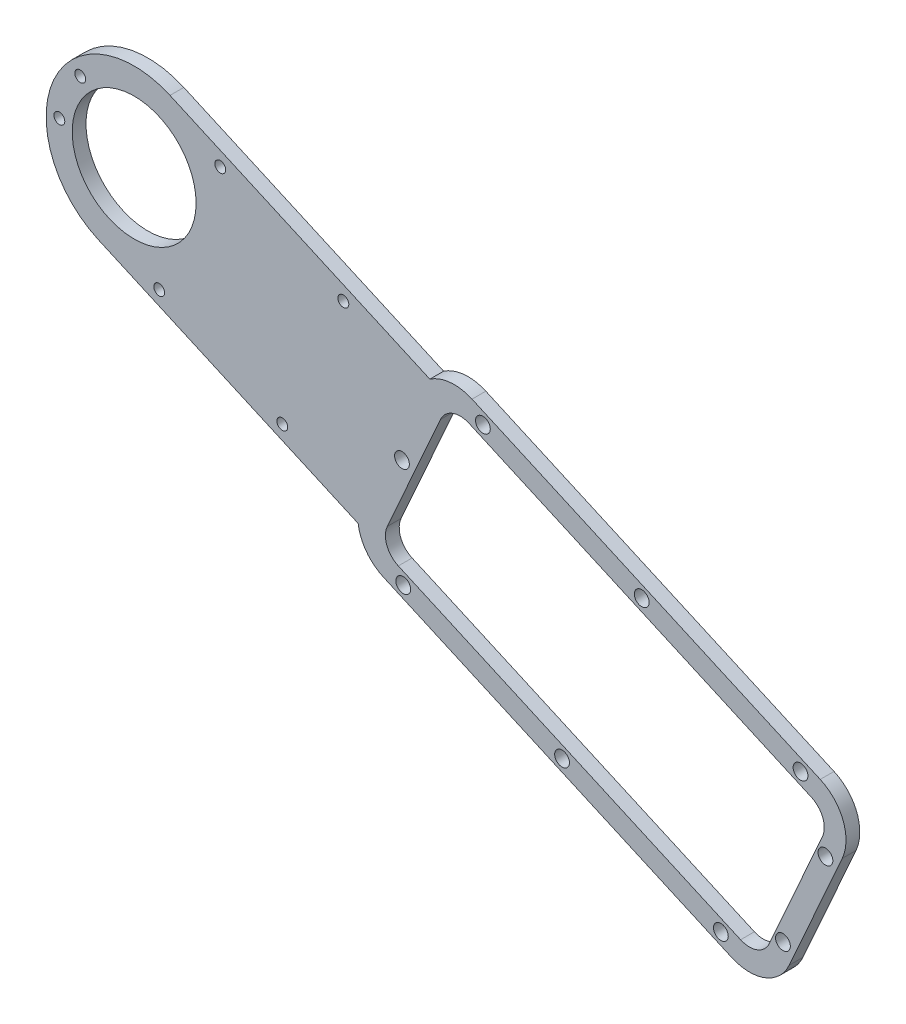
from build123d import *

# Parameters (mm, degrees)
SKETCH1_R           = 1.7
SKETCH1_R_2         = 14.25
SKETCH1_R_3         = 1.25
BOSS_EXTRUDE1_DEPTH = 3.175


with BuildPart() as part:
    # Sketch1 → Boss-Extrude1 (new body)
    with BuildSketch(Plane(origin=(0, 0, 0), x_dir=(-1, 0, 0), z_dir=(0, 0, -1))):
        with BuildLine():
            Line((67.653220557, 77.632201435), (79.867786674, 50.231391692))
            ThreePointArc((79.867786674, 50.231391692), (85.421957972, 44.965480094), (93.072911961, 45.169310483))
            Line((93.072911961, 45.169310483), (173.174612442, 80.876558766))
            ThreePointArc((173.174612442, 80.876558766), (177.109561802, 84.018800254), (179.014269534, 88.680301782))
            Line((179.014269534, 88.680301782), (238.78902448, 115.326328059))
            ThreePointArc((238.78902448, 115.326328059), (249.039738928, 142.066706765), (222.299360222, 152.317421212))
            Line((222.299360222, 152.317421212), (162.524605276, 125.671394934))
            ThreePointArc((162.524605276, 125.671394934), (157.784388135, 127.370762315), (152.817002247, 126.544575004))
            Line((152.817002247, 126.544575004), (72.715301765, 90.837326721))
            ThreePointArc((72.715301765, 90.837326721), (67.449390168, 85.283155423), (67.653220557, 77.632201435))
        make_face()
        with Locations(Location((168.932649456, 106.357056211, 0), (0, 0, 180))):
            Circle(SKETCH1_R, mode=Mode.SUBTRACT)
        with Locations(Location((71.52342211, 76.072861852, 0), (0, 0, 180))):
            Circle(SKETCH1_R, mode=Mode.SUBTRACT)
        with Locations(Location((81.295075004, 54.152214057, 0), (0, 0, 180))):
            Circle(SKETCH1_R, mode=Mode.SUBTRACT)
        with Locations(Location((77.249619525, 90.121461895, 0), (0, 0, 180))):
            Circle(SKETCH1_R, mode=Mode.SUBTRACT)
        with Locations(Location((113.784032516, 106.407550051, 0), (0, 0, 180))):
            Circle(SKETCH1_R, mode=Mode.SUBTRACT)
        with Locations(Location((150.318445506, 122.693638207, 0), (0, 0, 180))):
            Circle(SKETCH1_R, mode=Mode.SUBTRACT)
        with Locations(Location((168.640294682, 81.592423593, 0), (0, 0, 180))):
            Circle(SKETCH1_R, mode=Mode.SUBTRACT)
        with Locations(Location((132.105881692, 65.306335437, 0), (0, 0, 180))):
            Circle(SKETCH1_R, mode=Mode.SUBTRACT)
        with Locations(Location((95.571468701, 49.02024728, 0), (0, 0, 180))):
            Circle(SKETCH1_R, mode=Mode.SUBTRACT)
        with Locations(Location((230.544192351, 133.821874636, 0), (0, 0, 180))):
            Circle(SKETCH1_R_2, mode=Mode.SUBTRACT)
        with Locations(Location((196.466353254, 99.744559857, 0), (0, 0, 180))):
            Circle(SKETCH1_R_3, mode=Mode.SUBTRACT)
        with Locations(Location((224.780523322, 112.366278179, 0), (0, 0, 180))):
            Circle(SKETCH1_R_3, mode=Mode.SUBTRACT)
        with Locations(Location((210.733772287, 143.877209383, 0), (0, 0, 180))):
            Circle(SKETCH1_R_3, mode=Mode.SUBTRACT)
        with Locations(Location((182.419602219, 131.255491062, 0), (0, 0, 180))):
            Circle(SKETCH1_R_3, mode=Mode.SUBTRACT)
        with Locations(Location((242.947351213, 145.810375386, 0), (0, 0, 180))):
            Circle(SKETCH1_R_3, mode=Mode.SUBTRACT)
        with Locations(Location((247.751623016, 135.033002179, 0), (0, 0, 180))):
            Circle(SKETCH1_R_3, mode=Mode.SUBTRACT)
        with BuildLine():
            Line((74.751062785, 86.270525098), (153.492790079, 121.371532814))
            ThreePointArc((153.492790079, 121.371532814), (157.318267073, 121.473448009), (160.095352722, 118.84049221))
            Line((160.095352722, 118.84049221), (172.30991884, 91.439682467))
            ThreePointArc((172.30991884, 91.439682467), (172.411834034, 87.614205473), (169.778878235, 84.837119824))
            Line((169.778878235, 84.837119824), (91.037150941, 49.736112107))
            ThreePointArc((91.037150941, 49.736112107), (87.211673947, 49.634196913), (84.434588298, 52.267152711))
            Line((84.434588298, 52.267152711), (72.22002218, 79.667962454))
            ThreePointArc((72.22002218, 79.667962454), (72.118106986, 83.493439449), (74.751062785, 86.270525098))
        make_face(mode=Mode.SUBTRACT)
    extrude(amount=-BOSS_EXTRUDE1_DEPTH)


solid = part.part

▸ How to complete this task: Only lines of the data holding the word "part" go in the answer. Please copy each of them.

▸ Answer for this exercise:
with BuildPart() as part:
solid = part.part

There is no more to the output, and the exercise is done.